═══ Input material ═══
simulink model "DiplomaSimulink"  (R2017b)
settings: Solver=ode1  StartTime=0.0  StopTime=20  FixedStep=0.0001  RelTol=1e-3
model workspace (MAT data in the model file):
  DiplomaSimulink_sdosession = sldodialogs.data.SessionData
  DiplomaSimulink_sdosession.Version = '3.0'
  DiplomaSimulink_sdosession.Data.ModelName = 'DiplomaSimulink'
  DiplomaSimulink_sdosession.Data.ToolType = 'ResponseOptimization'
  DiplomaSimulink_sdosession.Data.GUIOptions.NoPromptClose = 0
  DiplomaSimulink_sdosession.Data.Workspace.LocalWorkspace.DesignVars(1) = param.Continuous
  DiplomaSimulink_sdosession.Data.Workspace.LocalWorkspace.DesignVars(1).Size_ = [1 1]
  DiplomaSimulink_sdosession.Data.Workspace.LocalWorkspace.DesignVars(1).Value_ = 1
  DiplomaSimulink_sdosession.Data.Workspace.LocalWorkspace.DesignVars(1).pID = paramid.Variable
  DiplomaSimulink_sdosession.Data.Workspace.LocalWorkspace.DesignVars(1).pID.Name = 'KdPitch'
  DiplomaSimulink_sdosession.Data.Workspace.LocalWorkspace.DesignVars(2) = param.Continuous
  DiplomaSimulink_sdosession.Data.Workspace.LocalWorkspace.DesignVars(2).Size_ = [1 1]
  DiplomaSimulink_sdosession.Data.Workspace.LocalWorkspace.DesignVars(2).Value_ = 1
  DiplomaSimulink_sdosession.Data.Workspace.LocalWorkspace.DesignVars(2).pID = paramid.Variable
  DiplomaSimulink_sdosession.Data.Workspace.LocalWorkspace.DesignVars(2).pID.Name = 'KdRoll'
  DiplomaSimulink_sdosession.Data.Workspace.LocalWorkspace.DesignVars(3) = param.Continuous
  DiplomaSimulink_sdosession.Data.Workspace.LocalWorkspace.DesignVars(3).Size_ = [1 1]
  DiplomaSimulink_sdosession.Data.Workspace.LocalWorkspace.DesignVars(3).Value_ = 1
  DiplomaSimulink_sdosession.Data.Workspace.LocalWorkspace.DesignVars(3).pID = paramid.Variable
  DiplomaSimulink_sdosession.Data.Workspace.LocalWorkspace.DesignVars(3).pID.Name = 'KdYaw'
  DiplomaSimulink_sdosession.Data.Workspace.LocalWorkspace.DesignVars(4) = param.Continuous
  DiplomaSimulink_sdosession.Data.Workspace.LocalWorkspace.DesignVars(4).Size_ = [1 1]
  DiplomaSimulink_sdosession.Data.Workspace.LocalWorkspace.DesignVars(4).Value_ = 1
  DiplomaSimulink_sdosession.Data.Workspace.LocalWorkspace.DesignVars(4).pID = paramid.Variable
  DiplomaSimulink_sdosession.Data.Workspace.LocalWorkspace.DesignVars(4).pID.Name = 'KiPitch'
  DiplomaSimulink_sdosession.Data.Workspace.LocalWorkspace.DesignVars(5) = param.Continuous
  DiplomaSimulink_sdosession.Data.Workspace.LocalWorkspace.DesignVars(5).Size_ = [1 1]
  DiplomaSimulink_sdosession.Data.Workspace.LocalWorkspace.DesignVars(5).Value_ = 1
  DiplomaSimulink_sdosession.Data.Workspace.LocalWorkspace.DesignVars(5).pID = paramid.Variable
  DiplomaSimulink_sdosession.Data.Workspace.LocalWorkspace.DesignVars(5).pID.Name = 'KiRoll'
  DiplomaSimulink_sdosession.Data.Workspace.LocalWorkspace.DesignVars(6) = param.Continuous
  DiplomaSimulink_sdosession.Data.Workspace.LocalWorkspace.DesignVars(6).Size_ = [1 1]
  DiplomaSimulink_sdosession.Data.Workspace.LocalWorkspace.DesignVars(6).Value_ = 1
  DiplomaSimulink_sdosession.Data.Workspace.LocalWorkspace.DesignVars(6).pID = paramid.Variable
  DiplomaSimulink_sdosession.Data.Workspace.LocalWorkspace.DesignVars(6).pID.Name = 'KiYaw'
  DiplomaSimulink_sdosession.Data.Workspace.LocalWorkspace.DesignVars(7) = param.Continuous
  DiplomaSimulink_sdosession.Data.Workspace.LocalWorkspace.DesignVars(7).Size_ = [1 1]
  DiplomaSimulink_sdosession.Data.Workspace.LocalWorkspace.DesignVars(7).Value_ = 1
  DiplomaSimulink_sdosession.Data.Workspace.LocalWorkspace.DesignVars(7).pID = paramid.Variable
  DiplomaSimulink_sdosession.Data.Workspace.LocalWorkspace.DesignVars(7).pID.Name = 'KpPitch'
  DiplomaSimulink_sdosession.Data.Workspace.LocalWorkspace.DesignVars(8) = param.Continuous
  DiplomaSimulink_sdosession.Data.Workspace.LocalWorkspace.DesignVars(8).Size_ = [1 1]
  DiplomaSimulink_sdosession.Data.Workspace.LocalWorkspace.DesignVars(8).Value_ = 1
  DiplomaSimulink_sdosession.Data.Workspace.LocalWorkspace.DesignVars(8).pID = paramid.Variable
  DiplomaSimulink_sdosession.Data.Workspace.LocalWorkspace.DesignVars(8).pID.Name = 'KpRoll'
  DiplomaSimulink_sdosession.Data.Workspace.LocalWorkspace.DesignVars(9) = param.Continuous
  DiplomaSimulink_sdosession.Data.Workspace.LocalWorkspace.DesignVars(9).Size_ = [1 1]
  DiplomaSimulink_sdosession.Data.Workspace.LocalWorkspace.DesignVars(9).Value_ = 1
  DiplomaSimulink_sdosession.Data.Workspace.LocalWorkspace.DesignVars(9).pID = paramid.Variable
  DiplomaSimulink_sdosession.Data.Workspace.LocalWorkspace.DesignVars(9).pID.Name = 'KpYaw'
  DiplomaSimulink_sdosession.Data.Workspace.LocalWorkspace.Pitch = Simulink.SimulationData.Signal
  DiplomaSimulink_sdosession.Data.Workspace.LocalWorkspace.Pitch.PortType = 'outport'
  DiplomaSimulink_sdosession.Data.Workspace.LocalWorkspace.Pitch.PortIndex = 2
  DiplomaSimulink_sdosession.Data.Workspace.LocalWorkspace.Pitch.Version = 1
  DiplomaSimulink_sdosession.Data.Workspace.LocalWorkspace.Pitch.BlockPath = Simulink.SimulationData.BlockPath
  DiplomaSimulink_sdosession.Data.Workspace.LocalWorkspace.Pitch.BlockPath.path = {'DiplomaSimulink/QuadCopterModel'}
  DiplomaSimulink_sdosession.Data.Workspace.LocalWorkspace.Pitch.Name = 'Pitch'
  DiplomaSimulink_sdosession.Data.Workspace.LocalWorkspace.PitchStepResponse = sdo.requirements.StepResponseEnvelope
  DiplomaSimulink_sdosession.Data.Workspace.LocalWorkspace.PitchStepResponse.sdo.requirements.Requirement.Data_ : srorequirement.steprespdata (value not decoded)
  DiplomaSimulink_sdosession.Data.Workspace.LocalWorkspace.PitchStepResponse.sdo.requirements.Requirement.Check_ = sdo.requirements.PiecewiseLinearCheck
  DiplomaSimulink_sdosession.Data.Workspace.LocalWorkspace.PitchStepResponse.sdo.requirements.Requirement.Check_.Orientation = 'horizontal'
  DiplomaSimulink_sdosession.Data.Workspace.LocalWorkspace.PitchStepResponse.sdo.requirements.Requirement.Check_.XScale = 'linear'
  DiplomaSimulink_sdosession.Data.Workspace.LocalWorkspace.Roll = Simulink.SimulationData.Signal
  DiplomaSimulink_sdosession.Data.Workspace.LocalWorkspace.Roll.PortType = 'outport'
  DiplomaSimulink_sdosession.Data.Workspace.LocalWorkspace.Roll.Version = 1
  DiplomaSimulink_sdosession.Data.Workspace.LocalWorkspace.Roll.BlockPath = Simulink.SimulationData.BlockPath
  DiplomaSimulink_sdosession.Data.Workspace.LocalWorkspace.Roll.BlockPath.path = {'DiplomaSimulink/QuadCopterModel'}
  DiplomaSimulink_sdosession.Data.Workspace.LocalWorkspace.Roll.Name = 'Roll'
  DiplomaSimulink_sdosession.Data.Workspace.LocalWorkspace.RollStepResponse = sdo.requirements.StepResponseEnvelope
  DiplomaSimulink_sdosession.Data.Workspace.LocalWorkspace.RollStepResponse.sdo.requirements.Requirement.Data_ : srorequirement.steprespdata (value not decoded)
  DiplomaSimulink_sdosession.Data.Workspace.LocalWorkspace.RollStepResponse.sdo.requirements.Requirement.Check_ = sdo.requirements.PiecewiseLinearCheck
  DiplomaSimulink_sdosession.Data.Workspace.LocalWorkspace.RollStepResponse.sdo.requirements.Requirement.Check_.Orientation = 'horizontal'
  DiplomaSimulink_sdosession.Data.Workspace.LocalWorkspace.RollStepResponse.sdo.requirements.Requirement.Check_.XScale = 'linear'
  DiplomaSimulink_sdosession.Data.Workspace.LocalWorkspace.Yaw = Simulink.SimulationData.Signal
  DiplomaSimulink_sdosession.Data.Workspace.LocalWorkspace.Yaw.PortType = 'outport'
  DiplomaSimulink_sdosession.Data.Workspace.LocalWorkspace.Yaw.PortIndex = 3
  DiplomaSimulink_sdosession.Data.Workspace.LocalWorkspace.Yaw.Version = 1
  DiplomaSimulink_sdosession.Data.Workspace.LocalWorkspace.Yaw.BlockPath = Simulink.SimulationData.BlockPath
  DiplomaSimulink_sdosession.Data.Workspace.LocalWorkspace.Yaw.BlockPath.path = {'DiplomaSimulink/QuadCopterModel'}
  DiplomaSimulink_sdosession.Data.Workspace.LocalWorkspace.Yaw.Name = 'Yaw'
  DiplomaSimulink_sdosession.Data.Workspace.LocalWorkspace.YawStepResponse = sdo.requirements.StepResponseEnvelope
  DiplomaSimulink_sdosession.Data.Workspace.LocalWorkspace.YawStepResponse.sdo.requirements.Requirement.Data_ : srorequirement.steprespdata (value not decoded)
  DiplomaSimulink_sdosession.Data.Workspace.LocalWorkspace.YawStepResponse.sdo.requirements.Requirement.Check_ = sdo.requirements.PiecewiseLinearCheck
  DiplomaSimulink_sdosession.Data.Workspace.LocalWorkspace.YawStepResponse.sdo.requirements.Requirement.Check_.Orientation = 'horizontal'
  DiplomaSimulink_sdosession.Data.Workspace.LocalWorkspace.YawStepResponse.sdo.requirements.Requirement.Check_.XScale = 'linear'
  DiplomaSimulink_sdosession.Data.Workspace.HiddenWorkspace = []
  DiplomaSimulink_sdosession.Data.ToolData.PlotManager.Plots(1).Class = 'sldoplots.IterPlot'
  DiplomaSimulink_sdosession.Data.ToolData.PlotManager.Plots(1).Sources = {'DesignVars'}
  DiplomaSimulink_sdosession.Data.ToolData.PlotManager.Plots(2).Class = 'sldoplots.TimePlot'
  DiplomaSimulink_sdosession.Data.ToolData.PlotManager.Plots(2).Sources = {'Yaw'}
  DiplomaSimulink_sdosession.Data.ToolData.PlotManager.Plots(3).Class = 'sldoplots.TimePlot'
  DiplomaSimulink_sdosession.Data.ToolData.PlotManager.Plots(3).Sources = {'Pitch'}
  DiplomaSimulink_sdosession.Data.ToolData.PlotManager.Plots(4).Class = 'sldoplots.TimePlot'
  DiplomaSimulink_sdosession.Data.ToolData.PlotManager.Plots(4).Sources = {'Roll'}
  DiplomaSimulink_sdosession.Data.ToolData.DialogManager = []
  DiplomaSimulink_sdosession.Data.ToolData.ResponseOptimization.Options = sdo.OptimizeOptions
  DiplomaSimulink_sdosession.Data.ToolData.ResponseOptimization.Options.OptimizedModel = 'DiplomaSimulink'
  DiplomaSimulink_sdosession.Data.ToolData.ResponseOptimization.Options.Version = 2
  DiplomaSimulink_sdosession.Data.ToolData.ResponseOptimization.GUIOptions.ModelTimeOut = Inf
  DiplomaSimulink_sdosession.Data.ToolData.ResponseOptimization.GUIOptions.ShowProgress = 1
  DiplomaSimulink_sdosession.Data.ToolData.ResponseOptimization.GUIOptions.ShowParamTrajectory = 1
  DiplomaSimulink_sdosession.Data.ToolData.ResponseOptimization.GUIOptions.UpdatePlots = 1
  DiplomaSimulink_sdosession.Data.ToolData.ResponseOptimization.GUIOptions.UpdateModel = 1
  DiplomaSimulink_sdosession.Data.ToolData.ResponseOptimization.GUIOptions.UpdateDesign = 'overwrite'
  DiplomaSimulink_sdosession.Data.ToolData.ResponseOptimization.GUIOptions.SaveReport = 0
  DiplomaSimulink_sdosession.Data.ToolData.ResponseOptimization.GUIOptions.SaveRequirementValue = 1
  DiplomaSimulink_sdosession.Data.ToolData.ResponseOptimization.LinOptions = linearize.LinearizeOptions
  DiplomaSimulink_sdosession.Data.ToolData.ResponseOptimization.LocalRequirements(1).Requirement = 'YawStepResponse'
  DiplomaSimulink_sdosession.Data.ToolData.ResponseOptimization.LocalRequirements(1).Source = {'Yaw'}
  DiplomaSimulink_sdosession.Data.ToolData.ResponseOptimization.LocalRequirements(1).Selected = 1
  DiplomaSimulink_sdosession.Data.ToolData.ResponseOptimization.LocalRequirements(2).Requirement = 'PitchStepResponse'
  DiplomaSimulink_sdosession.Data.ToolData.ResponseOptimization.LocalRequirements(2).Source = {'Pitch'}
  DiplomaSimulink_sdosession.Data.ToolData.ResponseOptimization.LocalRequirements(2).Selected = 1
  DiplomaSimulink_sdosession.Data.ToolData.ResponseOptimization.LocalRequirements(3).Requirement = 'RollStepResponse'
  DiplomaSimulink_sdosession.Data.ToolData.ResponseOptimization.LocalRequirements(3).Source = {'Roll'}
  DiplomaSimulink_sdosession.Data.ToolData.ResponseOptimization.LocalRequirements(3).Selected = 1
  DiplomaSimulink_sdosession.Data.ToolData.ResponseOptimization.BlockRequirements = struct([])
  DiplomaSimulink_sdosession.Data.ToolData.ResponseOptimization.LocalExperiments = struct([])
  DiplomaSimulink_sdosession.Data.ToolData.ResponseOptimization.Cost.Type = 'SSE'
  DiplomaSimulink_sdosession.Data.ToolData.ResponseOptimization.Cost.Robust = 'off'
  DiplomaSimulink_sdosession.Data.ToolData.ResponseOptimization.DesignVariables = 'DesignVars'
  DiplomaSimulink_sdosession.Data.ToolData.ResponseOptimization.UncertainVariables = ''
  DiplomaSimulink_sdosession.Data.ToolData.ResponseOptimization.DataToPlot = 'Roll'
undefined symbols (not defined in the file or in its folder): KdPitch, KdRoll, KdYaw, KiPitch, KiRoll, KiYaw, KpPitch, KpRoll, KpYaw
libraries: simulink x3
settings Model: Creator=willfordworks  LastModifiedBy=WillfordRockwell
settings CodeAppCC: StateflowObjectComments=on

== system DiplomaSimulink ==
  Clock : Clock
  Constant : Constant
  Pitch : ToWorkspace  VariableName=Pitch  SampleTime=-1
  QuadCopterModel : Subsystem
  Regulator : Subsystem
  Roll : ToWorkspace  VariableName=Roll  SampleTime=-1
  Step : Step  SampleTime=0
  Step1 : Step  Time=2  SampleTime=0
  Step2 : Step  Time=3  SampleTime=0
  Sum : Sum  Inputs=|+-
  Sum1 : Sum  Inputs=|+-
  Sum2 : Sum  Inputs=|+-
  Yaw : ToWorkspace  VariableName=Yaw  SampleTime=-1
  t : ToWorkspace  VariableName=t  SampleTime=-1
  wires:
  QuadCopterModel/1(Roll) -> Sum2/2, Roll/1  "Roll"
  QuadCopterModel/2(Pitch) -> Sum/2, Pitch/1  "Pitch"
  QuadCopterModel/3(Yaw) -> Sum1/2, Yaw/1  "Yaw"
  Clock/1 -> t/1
═══
Problem details
Take the word "TimePlot" and find each line of the material that contains it. Copy those lines.

Expected answer
  DiplomaSimulink_sdosession.Data.ToolData.PlotManager.Plots(2).Class = 'sldoplots.TimePlot'
  DiplomaSimulink_sdosession.Data.ToolData.PlotManager.Plots(3).Class = 'sldoplots.TimePlot'
  DiplomaSimulink_sdosession.Data.ToolData.PlotManager.Plots(4).Class = 'sldoplots.TimePlot'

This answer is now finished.